My credit card data has been hijacked.

I don't want to go into too much detail yet - at least until I talk to the local police, my bank and to Sony - but the card that I used on PSN/Qriocity has been compromised, my bank tagged it for fraud and contacted me, and I've shut it off before any real damage has occurred. (Hopefully - *crosses fingers*)

I will keep all of you posted - but based on what happened to me - I would suggest that if you've entered credit card information in PSN/Qriocity in the last few months - say to auto-fill your wallet - that you keep an eye on your bank statements and consider getting a replacement card.

One way to tell if you have a credit card at risk is by examining the e-mails Sony sends you when you fill your wallet. Look for e-mails with the subject "Funds have been added to your wallet" from an e-mail address "DoNotReply@ac.playstation.net"; in that e-mail will be the last four digits of the credit card that Sony has on file.

There's a possibility that it's an unrelated hijacking. There's been some pretty sophisticated credit card hacking up here in Seattle. See here: http://seattletimes.nwsource.com/html/l ... ud06m.html I can't say for certain how they got the info - but I am suspicious about the timing of this event.

So - yeah - there it is. Like I said - I'll keep you posted.

Cheers,
Paul

[aguilarojo]

...
My credit card data has been hijacked.

I don't want to go into too much detail yet - at least until I talk to the local police, my bank and to Sony - but the card that I used on PSN/Qriocity has been compromised, my bank tagged it for fraud and contacted me, and I've shut it off before any real damage has occurred. (Hopefully - *crosses fingers*)...

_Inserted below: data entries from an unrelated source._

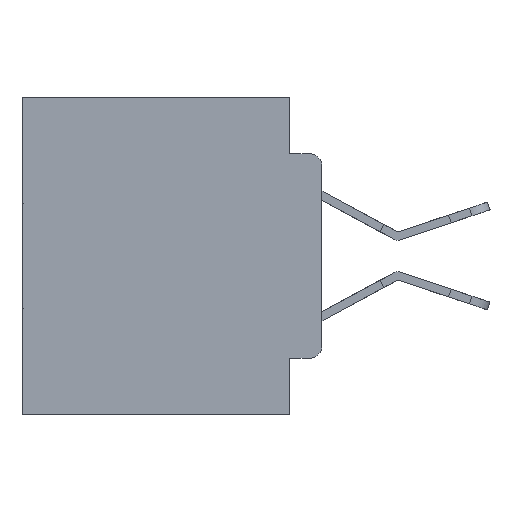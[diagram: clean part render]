
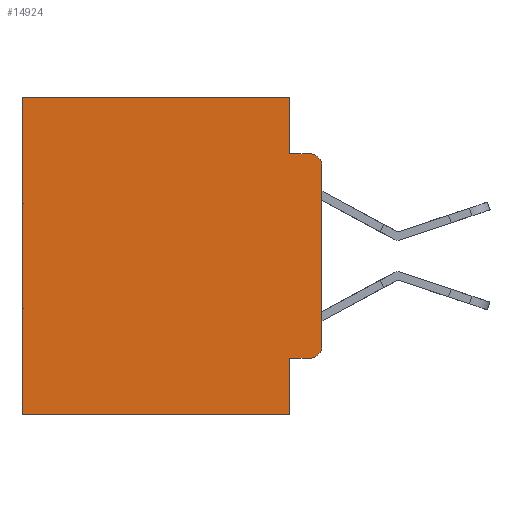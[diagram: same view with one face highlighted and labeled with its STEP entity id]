
A CAD part, left-side view. The second image highlights one B-rep face of the part: STEP entity #14924.
In plain terms, the highlighted planar face has unit normal (-1, 0, 0).
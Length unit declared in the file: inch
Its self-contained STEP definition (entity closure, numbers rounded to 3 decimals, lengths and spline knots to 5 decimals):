
#461 = DIRECTION ( 'NONE',  ( 0., -1., 0. ) ) ;
#847 = ORIENTED_EDGE ( 'NONE', *, *, #24118, .T. ) ;
#1697 = LINE ( 'NONE', #16504, #26920 ) ;
#1742 = LINE ( 'NONE', #30964, #8446 ) ;
#2425 = DIRECTION ( 'NONE',  ( -1., 0., 0. ) ) ;
#3101 = CARTESIAN_POINT ( 'NONE',  ( 0.298, 0., 0. ) ) ;
#3531 = VERTEX_POINT ( 'NONE', #8795 ) ;
#4022 = CARTESIAN_POINT ( 'NONE',  ( 0.298, 0.473, 0. ) ) ;
#4408 = ORIENTED_EDGE ( 'NONE', *, *, #8390, .F. ) ;
#4509 = EDGE_CURVE ( 'NONE', #24833, #29772, #18690, .T. ) ;
#4597 = CARTESIAN_POINT ( 'NONE',  ( 0.298, 0.02, -0.4115 ) ) ;
#4876 = CARTESIAN_POINT ( 'NONE',  ( 0.298, 0.051, 0. ) ) ;
#4918 = LINE ( 'NONE', #25913, #17300 ) ;
#5654 = DIRECTION ( 'NONE',  ( 0., 0., -1. ) ) ;
#5695 = VECTOR ( 'NONE', #27521, 39.37008 ) ;
#6582 = DIRECTION ( 'NONE',  ( 0., 0., -1. ) ) ;
#7586 = ORIENTED_EDGE ( 'NONE', *, *, #30619, .F. ) ;
#8390 = EDGE_CURVE ( 'NONE', #15049, #25976, #20808, .T. ) ;
#8446 = VECTOR ( 'NONE', #16836, 39.37008 ) ;
#8795 = CARTESIAN_POINT ( 'NONE',  ( 0.298, 0.051, -0.4115 ) ) ;
#9903 = ORIENTED_EDGE ( 'NONE', *, *, #19263, .T. ) ;
#9938 = CARTESIAN_POINT ( 'NONE',  ( 0.298, 0.473, -0.5 ) ) ;
#10428 = CARTESIAN_POINT ( 'NONE',  ( 0.298, 0.051, -0.5 ) ) ;
#10739 = VERTEX_POINT ( 'NONE', #20066 ) ;
#10905 = FACE_OUTER_BOUND ( 'NONE', #30051, .T. ) ;
#11100 = AXIS2_PLACEMENT_3D ( 'NONE', #3101, #20354, #5654 ) ;
#11311 = EDGE_CURVE ( 'NONE', #15049, #10739, #18377, .T. ) ;
#11324 = VECTOR ( 'NONE', #461, 39.37008 ) ;
#11823 = ORIENTED_EDGE ( 'NONE', *, *, #30928, .F. ) ;
#12268 = CARTESIAN_POINT ( 'NONE',  ( 0.298, 0.02, -0.3915 ) ) ;
#12626 = ORIENTED_EDGE ( 'NONE', *, *, #4509, .T. ) ;
#13394 = VERTEX_POINT ( 'NONE', #10428 ) ;
#14208 = EDGE_CURVE ( 'NONE', #3531, #27843, #17866, .T. ) ;
#14398 = VECTOR ( 'NONE', #19145, 39.37008 ) ;
#14539 = CARTESIAN_POINT ( 'NONE',  ( 0.298, 0.051, -0.0885 ) ) ;
#14729 = VECTOR ( 'NONE', #6582, 39.37008 ) ;
#14781 = DIRECTION ( 'NONE',  ( 0., 0., -1. ) ) ;
#14924 = ADVANCED_FACE ( 'NONE', ( #10905 ), #17952, .F. ) ;
#15049 = VERTEX_POINT ( 'NONE', #20870 ) ;
#15454 = CARTESIAN_POINT ( 'NONE',  ( 0.298, 0.051, -0.4115 ) ) ;
#15713 = ORIENTED_EDGE ( 'NONE', *, *, #14208, .T. ) ;
#15760 = AXIS2_PLACEMENT_3D ( 'NONE', #12268, #29025, #14781 ) ;
#16504 = CARTESIAN_POINT ( 'NONE',  ( 0.298, 0.051, 0. ) ) ;
#16836 = DIRECTION ( 'NONE',  ( 0., 1., 0. ) ) ;
#17300 = VECTOR ( 'NONE', #21159, 39.37008 ) ;
#17305 = CARTESIAN_POINT ( 'NONE',  ( 0.298, 0.02, -0.1085 ) ) ;
#17590 = ORIENTED_EDGE ( 'NONE', *, *, #11311, .T. ) ;
#17866 = LINE ( 'NONE', #15454, #11324 ) ;
#17952 = PLANE ( 'NONE',  #11100 ) ;
#18350 = ORIENTED_EDGE ( 'NONE', *, *, #30535, .F. ) ;
#18377 = CIRCLE ( 'NONE', #22260, 0.02 ) ;
#18480 = EDGE_CURVE ( 'NONE', #3531, #13394, #1697, .T. ) ;
#18690 = LINE ( 'NONE', #30323, #19447 ) ;
#18784 = LINE ( 'NONE', #22796, #5695 ) ;
#19145 = DIRECTION ( 'NONE',  ( 0., 0., -1. ) ) ;
#19263 = EDGE_CURVE ( 'NONE', #27843, #25976, #29083, .T. ) ;
#19447 = VECTOR ( 'NONE', #25054, 39.37008 ) ;
#19733 = DIRECTION ( 'NONE',  ( 0., 0., -1. ) ) ;
#20066 = CARTESIAN_POINT ( 'NONE',  ( 0.298, 0.02, -0.0885 ) ) ;
#20354 = DIRECTION ( 'NONE',  ( 1., 0., 0. ) ) ;
#20601 = ORIENTED_EDGE ( 'NONE', *, *, #18480, .F. ) ;
#20808 = LINE ( 'NONE', #28567, #14398 ) ;
#20870 = CARTESIAN_POINT ( 'NONE',  ( 0.298, 0., -0.1085 ) ) ;
#21159 = DIRECTION ( 'NONE',  ( 0., 0., -1. ) ) ;
#22260 = AXIS2_PLACEMENT_3D ( 'NONE', #17305, #2425, #19733 ) ;
#22796 = CARTESIAN_POINT ( 'NONE',  ( 0.298, 0.051, -0.0885 ) ) ;
#23073 = CARTESIAN_POINT ( 'NONE',  ( 0.298, 0.473, 0. ) ) ;
#24118 = EDGE_CURVE ( 'NONE', #29772, #30760, #25933, .T. ) ;
#24833 = VERTEX_POINT ( 'NONE', #4876 ) ;
#25054 = DIRECTION ( 'NONE',  ( 0., 1., 0. ) ) ;
#25913 = CARTESIAN_POINT ( 'NONE',  ( 0.298, 0.051, 0. ) ) ;
#25933 = LINE ( 'NONE', #4022, #14729 ) ;
#25976 = VERTEX_POINT ( 'NONE', #28896 ) ;
#26920 = VECTOR ( 'NONE', #30748, 39.37008 ) ;
#27521 = DIRECTION ( 'NONE',  ( 0., -1., 0. ) ) ;
#27843 = VERTEX_POINT ( 'NONE', #4597 ) ;
#28289 = VERTEX_POINT ( 'NONE', #14539 ) ;
#28567 = CARTESIAN_POINT ( 'NONE',  ( 0.298, 0., 0. ) ) ;
#28896 = CARTESIAN_POINT ( 'NONE',  ( 0.298, 0., -0.3915 ) ) ;
#29025 = DIRECTION ( 'NONE',  ( -1., 0., 0. ) ) ;
#29083 = CIRCLE ( 'NONE', #15760, 0.02 ) ;
#29772 = VERTEX_POINT ( 'NONE', #23073 ) ;
#30051 = EDGE_LOOP ( 'NONE', ( #4408, #17590, #11823, #18350, #12626, #847, #7586, #20601, #15713, #9903 ) ) ;
#30323 = CARTESIAN_POINT ( 'NONE',  ( 0.298, 0., 0. ) ) ;
#30535 = EDGE_CURVE ( 'NONE', #24833, #28289, #4918, .T. ) ;
#30619 = EDGE_CURVE ( 'NONE', #13394, #30760, #1742, .T. ) ;
#30748 = DIRECTION ( 'NONE',  ( 0., 0., -1. ) ) ;
#30760 = VERTEX_POINT ( 'NONE', #9938 ) ;
#30928 = EDGE_CURVE ( 'NONE', #28289, #10739, #18784, .T. ) ;
#30964 = CARTESIAN_POINT ( 'NONE',  ( 0.298, 0., -0.5 ) ) ;

So - yeah - there it is. Like I said - I'll keep you posted.

Cheers,
Paul

I'm deeply sorry this attack happened to you, or anyone. I'm not familiar with all the particulars but there is a technological approach your bank can apply which would benefit you as their customer; you can read more about it here. The technology is offered to banks directly, so the best approach would be to inform the bank of this technological option which would benefit bank customers. I have no further details regarding this product other than the link I shared.

As for the damage done and what strategies you may be able to employ I already commented earlier one approach which you should investigate especially as you are now a victim. You removed the links on that discussion which I posted because it came too close to being an ad. Anyway you know who that other company is and can query them regarding their services as well as recommendations regarding how you should proceed.

I sincerely hope that a successful and speedy resolution is achieved for you and all the other victims.

By the way Sony is not helping you, there has been a third breach.

I'm sincerely sorry.

[STEFANOVIC]

Wow shocking news there indeed thanks for posting, this is the first incident Ive heard that could be related the the breach. Very worried now going to double check my statements etc just in case I missed anything minor.